Se as proporções variam entre 0,3 e 0,7, a ANOVA pode ser aplicada diretamente. Mas se muitos valores estiverem fora desse intervalo, recomenda-se aplicar a transformação:

 Y = arcsen(√p).


Considere os dados fictícios da Tabela 3. A variável é uma proporção, e a tabela apresenta tanto os valores brutos quanto os transformados.

Tabela 3

Dados e respectivas transformadas (arcsen(√p))

segundo o grupo

Considerações finais


Para quem tem pouca familiaridade com estatística, transformar dados pode parecer uma "manipulação" suspeita. Mas não é. Trata-se de uma técnica legítima e amplamente aceita.


Por isso, o pesquisador deve saber justificar a transformação escolhida, e é sempre recomendável usar a transformação mais comum em sua área de estudo.


Importante: mesmo que a análise estatística tenha sido feita com os dados transformados, os resultados descritivos (médias, erros-padrão, gráficos etc.) devem ser apresentados na escala original da variável. Isso porque, por exemplo, um gráfico com a média da raiz quadrada do número de colônias de bactérias pode não ser informativo para um biólogo.


Assim, é necessário "desfazer" a transformação ao apresentar os resultados, usando a função inversa da transformação aplicada. Mas atenção: essa reversão deve ser feita com cuidado.


Nota: Os gráficos de normalidade (Q-Q plots) foram construídos com os resíduos. Os dados fictícios nas Tabelas 1 e 2 são poucos para mostrar claramente as diferenças nos gráficos, mas servem para fins ilustrativos.




7 comments:

Unknown said...

Olá Sonia, muito esclarecedor o seu post, obrigada pela contribuição. Tenho uma dúvida em relação a análise de um conjunto de variáveis onde algumas passaram no teste de normalidade, e outras não. As que não passaram são na maior parte expressas em porcentagem. Posso prosseguir minhas análises com pós testes para variáveis paramétricas E não paramétricas, na mesma avaliação? Ou o mais correto seria transformar minhas variáveis não paramétricas em arco seno para achar normalidade? Desde já, muito obrigada!

Sonia Vieira said...

De acordo com Scheffé, o pesquisador não precisa preocupar-se muito com questão estrita da normalidade , a menos que a distribuição dos erros:
1- seja assimétrica;
2- tenha curtose positiva.
Há vários testes de aderência à distribuição normal. Alguns deles, como o de Anderson- Darling e o de Kramer-von Mises são, na realidade, melhoramentos feitos sobre o teste de Kolmogorov- Smirnov. Shapiro-Wilks é bem aceito, mas o poder desses testes depende do tamanho da amostra.

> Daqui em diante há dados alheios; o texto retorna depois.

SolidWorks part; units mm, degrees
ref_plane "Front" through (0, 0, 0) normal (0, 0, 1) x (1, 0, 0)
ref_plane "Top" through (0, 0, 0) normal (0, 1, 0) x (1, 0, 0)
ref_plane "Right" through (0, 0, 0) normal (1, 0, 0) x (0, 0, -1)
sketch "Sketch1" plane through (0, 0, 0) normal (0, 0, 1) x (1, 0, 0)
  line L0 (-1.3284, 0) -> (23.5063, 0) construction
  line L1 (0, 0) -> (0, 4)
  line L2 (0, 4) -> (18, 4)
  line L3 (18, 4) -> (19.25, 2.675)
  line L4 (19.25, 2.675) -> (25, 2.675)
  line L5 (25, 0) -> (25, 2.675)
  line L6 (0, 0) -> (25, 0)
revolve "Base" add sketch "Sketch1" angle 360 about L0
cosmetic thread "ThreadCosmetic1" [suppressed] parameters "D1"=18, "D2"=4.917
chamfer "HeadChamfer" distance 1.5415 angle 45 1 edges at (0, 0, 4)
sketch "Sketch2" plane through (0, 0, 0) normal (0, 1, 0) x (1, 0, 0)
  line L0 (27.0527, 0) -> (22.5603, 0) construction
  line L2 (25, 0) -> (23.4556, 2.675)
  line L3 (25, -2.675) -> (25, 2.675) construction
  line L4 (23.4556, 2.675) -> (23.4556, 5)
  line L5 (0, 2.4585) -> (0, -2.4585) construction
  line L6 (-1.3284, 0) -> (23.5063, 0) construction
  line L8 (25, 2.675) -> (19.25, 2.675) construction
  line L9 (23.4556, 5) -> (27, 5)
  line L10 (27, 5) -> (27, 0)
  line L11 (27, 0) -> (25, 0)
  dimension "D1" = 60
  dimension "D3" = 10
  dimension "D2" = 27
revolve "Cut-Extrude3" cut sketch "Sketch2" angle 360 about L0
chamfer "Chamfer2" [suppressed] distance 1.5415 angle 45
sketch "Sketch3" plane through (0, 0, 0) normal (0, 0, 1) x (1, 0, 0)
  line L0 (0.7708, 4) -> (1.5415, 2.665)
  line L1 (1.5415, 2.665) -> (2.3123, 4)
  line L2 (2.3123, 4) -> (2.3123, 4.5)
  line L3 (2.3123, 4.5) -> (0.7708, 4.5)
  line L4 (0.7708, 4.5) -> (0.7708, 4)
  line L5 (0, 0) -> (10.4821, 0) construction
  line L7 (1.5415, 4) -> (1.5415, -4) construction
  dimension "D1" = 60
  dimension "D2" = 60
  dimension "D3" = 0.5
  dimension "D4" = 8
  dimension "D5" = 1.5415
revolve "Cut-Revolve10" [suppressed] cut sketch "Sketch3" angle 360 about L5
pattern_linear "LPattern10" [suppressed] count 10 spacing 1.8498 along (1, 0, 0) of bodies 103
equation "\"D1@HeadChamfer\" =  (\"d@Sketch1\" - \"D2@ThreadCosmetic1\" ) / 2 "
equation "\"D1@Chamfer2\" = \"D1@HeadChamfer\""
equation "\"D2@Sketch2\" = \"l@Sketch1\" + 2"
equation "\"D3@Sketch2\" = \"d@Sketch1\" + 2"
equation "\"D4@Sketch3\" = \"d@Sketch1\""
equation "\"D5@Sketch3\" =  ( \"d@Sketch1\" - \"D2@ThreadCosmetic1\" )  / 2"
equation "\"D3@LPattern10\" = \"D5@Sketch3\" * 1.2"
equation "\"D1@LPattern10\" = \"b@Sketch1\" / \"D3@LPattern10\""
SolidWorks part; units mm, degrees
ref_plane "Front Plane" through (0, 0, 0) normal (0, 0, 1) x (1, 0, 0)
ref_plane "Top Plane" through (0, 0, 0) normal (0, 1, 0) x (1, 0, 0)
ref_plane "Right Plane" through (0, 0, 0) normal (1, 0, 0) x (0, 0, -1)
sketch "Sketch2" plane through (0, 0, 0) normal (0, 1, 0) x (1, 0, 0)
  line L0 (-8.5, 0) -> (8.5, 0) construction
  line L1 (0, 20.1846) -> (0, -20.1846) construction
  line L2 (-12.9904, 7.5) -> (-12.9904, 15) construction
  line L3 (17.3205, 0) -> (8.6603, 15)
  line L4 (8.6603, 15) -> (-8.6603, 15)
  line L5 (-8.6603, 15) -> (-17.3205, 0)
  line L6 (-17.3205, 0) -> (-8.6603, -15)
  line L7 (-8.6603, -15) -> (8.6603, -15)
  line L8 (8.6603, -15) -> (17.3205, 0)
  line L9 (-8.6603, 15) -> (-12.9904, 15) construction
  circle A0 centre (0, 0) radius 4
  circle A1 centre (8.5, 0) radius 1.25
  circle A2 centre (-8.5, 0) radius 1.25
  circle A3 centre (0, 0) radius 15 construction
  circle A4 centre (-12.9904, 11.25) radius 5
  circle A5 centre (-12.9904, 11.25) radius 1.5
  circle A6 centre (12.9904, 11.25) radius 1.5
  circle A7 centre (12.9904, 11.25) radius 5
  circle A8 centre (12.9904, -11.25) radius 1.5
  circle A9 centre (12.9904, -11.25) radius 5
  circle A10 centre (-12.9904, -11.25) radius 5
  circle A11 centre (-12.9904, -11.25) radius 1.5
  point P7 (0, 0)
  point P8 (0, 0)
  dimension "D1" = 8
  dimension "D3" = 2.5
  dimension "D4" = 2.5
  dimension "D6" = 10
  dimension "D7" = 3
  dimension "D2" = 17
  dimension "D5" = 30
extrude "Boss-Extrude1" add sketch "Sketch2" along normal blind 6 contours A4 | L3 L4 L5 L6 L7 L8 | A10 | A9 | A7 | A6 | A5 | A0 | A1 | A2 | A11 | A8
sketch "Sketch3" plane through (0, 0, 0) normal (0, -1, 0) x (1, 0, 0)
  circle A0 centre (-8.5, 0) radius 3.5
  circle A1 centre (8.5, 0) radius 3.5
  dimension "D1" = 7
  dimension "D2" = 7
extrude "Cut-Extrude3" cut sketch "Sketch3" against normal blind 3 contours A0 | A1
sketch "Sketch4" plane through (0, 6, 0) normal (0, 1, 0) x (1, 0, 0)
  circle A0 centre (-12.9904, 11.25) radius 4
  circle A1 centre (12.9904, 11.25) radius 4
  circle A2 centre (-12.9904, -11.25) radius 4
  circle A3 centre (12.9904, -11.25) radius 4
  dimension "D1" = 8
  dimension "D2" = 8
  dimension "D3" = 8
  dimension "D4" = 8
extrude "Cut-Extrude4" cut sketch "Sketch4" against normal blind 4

ANOVA tem poder, mas se as amostras são pequenas, talvez seja melhor não paramétricos

Eduardo said...
This comment has been removed by the author.
Eduardo said...

Prezada Sonia, muito didático. Bastante útil para entender porque as transformações dos dados são realizadas. Exemplos muito práticos. Eduardo Alécio, Prof. IFPE.

Jober Condé said...

Sônia, como vai?

Sobre a volta dos dados à unidade original, como proceder? Já que a média dos logaritmos não corresponde ao logaritmo das médias, por exemplo.

Sonia Vieira said...

Três pessoas, A, B e C fumaram 10, 100 e 1000 cigarros no mês. Os logaritmos decimais são 1,2 e 3. Claro que a transformação logarítmica pode fazer sentido no contexto em que esses dados se encaixam, mas não faz sentido dizer que a média dos logaritmos dos número de cigarros fumados é 2, para o leitor do trabalho. Então apresente estatísticas descritivas (média, desvio padrão) dos dados originais e explique que a transformação foi feita para conduzir a análise e os resultados são.... etc, referindo-se aos tratamento e não aos números.Que vc acha?

Jober Condé said...

Acredito que seja a melhor solução. Obrigado!